To explore the possible hormone pathway of defense responses activated in lmm9150, we examined the expression of jasmonic acid (JA) and salicylic acid (SA)-related genes. The lipoxygenase2.1 (OsLOX2.1) and allene oxide synthase2 (OsAOS2) are key genes of JA synthesis pathway (Liu et al., 2012). The phytoalexin deficient4 (OsPAD4) and lipase1 (OsEDS1) are key genes of SA signaling pathway (Pieterse et al., 2012). The results indicated that the expression of OsLOX2.1 and OsAOS2 was significantly higher in lmm9150 than that in WT (Figure 4E), indicating increase of JA synthesis. In contrast, the expression of OsPAD4 and OsEDS1 had marginal difference between lmm9150 and WT (Supplementary Figure S2F), implying that SA signaling pathway may not be activated in lmm9150. To address why SA signaling was not activated and confirm JA synthesis was increased, we examined SA level and JA level in leaf blades of WT and lmm9150 at seedling stage and tillering stage. The results showed that JA level of lmm9150 in leaf blades was significantly higher than that of WT at both stages, whereas SA level of lmm9150 in leaf blades had no difference from that of WT (Figure 4F and Supplementary Figure S2G). These data indicated that JA biosynthesis is increased and thus JA-signaling pathway may be associated with the defense responses activated in lmm9150.

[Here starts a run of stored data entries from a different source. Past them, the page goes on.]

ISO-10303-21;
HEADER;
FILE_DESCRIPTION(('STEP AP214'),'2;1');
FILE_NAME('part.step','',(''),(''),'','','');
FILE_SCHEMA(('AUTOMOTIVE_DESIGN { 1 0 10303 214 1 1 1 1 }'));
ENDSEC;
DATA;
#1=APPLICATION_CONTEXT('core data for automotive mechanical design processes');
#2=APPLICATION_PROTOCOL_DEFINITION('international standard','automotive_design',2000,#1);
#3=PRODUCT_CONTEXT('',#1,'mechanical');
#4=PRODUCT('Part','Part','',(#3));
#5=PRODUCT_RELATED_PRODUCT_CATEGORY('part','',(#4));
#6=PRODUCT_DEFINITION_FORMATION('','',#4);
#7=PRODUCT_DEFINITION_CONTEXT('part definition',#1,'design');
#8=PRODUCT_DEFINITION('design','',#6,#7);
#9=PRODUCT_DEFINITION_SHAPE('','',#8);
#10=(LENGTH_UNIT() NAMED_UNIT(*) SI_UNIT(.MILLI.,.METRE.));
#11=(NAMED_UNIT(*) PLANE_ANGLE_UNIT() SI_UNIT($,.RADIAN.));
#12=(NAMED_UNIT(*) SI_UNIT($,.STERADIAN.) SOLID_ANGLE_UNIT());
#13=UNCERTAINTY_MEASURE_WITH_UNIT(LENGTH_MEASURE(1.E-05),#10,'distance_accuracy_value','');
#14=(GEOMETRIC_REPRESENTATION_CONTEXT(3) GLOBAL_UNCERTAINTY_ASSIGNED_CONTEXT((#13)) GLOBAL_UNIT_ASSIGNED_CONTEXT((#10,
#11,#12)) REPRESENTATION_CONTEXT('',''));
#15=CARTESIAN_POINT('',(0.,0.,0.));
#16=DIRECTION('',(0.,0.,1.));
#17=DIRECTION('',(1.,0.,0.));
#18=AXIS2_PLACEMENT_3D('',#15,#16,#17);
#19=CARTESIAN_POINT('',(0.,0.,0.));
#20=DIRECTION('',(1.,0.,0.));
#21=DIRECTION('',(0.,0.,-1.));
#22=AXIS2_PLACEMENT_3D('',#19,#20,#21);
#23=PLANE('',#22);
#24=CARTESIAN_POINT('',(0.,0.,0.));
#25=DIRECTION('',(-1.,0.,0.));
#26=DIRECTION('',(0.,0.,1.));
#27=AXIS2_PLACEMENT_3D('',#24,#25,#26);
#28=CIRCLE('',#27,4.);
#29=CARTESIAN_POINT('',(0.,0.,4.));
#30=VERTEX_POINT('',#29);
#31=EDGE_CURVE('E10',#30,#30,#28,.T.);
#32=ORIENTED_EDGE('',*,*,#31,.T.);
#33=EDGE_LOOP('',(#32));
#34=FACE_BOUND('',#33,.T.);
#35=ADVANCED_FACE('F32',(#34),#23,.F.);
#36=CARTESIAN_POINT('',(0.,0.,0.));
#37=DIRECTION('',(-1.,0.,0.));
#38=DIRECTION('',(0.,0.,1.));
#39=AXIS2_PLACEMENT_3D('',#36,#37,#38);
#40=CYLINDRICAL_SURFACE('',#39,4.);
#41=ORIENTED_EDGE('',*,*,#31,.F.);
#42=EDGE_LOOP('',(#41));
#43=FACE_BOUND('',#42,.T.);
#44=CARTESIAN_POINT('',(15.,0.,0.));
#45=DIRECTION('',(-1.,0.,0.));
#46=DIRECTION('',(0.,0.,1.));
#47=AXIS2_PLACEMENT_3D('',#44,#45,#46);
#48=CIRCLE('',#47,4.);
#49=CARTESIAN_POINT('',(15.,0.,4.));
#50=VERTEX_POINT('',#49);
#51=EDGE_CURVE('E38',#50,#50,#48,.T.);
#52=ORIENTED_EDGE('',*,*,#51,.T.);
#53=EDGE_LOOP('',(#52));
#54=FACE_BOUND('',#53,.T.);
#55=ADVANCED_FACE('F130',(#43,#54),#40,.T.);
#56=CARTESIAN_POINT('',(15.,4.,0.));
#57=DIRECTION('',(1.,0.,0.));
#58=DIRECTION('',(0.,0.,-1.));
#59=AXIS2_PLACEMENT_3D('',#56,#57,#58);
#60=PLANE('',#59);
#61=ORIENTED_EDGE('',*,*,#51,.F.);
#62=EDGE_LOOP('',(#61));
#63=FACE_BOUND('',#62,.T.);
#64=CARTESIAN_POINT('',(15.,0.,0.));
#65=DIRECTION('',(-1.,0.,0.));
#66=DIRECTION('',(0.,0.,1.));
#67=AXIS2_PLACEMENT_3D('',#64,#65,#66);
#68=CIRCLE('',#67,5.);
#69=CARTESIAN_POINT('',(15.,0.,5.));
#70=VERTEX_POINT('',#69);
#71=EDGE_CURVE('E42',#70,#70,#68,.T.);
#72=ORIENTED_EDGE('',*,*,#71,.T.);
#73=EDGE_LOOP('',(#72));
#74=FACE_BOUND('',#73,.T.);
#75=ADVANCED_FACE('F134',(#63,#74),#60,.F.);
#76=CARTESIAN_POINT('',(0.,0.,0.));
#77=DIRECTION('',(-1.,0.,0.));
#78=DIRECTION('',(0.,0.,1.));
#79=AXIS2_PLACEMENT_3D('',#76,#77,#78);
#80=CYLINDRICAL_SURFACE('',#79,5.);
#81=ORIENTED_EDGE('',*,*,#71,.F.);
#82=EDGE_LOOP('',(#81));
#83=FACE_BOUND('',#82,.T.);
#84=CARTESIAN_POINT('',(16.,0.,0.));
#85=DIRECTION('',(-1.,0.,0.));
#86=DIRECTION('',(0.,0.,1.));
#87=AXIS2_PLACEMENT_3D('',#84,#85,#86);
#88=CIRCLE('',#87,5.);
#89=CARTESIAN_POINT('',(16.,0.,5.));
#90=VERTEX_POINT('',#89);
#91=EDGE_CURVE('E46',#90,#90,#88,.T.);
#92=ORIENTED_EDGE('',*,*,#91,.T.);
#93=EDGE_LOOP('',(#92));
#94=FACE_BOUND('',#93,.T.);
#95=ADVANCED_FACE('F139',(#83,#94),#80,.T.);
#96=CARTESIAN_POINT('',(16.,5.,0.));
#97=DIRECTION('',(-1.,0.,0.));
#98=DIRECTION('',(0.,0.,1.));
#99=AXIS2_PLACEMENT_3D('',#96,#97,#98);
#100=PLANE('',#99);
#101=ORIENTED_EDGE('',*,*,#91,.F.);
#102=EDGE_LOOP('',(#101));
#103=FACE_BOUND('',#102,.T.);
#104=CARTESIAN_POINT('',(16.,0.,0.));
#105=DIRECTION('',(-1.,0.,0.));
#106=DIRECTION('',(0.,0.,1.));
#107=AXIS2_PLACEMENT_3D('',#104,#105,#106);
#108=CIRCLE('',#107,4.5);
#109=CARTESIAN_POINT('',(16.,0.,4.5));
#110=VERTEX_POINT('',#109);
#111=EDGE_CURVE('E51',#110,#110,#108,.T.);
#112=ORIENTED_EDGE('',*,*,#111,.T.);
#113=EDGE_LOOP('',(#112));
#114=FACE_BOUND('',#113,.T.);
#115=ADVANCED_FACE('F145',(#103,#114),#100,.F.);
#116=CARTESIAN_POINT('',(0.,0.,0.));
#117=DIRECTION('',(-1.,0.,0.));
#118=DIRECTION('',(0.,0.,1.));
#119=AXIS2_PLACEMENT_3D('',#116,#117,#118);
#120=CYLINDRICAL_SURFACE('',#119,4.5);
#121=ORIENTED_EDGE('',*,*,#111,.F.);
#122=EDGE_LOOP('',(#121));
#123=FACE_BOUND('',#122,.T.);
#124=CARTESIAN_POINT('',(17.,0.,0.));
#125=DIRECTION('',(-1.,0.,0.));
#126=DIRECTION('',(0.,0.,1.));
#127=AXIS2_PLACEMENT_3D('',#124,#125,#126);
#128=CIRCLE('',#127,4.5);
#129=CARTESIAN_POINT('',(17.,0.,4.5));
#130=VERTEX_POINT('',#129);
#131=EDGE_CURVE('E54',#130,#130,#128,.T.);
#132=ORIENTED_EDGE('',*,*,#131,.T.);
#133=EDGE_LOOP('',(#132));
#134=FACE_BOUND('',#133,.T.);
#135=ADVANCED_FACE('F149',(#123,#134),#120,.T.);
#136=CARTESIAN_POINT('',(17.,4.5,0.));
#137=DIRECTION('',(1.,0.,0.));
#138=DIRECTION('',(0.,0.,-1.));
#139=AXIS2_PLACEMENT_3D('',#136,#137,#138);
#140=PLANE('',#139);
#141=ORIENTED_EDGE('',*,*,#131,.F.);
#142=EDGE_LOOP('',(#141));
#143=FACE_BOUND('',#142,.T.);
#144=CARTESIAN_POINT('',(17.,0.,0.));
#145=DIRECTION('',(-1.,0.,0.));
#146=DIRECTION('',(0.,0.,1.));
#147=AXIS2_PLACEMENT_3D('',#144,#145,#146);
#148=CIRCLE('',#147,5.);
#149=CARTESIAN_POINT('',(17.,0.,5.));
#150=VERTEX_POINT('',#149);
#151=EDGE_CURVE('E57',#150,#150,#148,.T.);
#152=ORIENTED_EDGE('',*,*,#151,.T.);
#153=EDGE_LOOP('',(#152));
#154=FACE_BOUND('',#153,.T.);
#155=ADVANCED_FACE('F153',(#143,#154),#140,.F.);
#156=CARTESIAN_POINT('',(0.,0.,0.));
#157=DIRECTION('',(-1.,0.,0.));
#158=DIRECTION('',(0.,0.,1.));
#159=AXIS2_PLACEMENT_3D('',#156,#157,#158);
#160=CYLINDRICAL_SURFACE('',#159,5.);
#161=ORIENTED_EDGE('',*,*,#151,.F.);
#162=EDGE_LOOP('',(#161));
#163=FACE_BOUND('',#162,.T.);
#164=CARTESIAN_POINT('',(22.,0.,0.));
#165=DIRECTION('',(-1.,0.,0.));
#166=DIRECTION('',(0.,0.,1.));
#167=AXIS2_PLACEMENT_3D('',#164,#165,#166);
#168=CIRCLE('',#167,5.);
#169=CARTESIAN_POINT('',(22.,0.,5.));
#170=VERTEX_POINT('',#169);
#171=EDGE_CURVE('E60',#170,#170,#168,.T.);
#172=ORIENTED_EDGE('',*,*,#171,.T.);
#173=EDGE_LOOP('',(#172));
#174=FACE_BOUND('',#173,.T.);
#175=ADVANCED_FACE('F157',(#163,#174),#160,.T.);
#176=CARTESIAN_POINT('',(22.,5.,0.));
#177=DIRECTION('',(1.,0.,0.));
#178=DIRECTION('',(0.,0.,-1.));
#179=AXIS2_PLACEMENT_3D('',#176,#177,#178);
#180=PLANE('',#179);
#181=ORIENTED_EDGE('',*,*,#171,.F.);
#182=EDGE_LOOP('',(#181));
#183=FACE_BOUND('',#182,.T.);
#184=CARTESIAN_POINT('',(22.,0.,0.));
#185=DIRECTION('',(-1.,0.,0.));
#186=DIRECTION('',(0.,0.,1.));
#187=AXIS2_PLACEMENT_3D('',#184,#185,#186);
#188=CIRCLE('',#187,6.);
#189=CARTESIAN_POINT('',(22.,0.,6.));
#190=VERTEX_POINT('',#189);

Identification of lmm9150 as a Mutant of OsABA2

The two F1 and two F2 populations derived from the crosses of Yixiang1B (WT) ×lmm9150 and lmm9150 × Yixiang1B were used for the genetic analysis. We found that all F1 plants were not observed lesion mimic spots on leaf blades and the segregation between WT and lmm9150 in F2 population fitted 3:1 (Supplementary Table S4). Thus, lmm9150 lesion mimic phenotype was controlled by a single recessive nuclear gene.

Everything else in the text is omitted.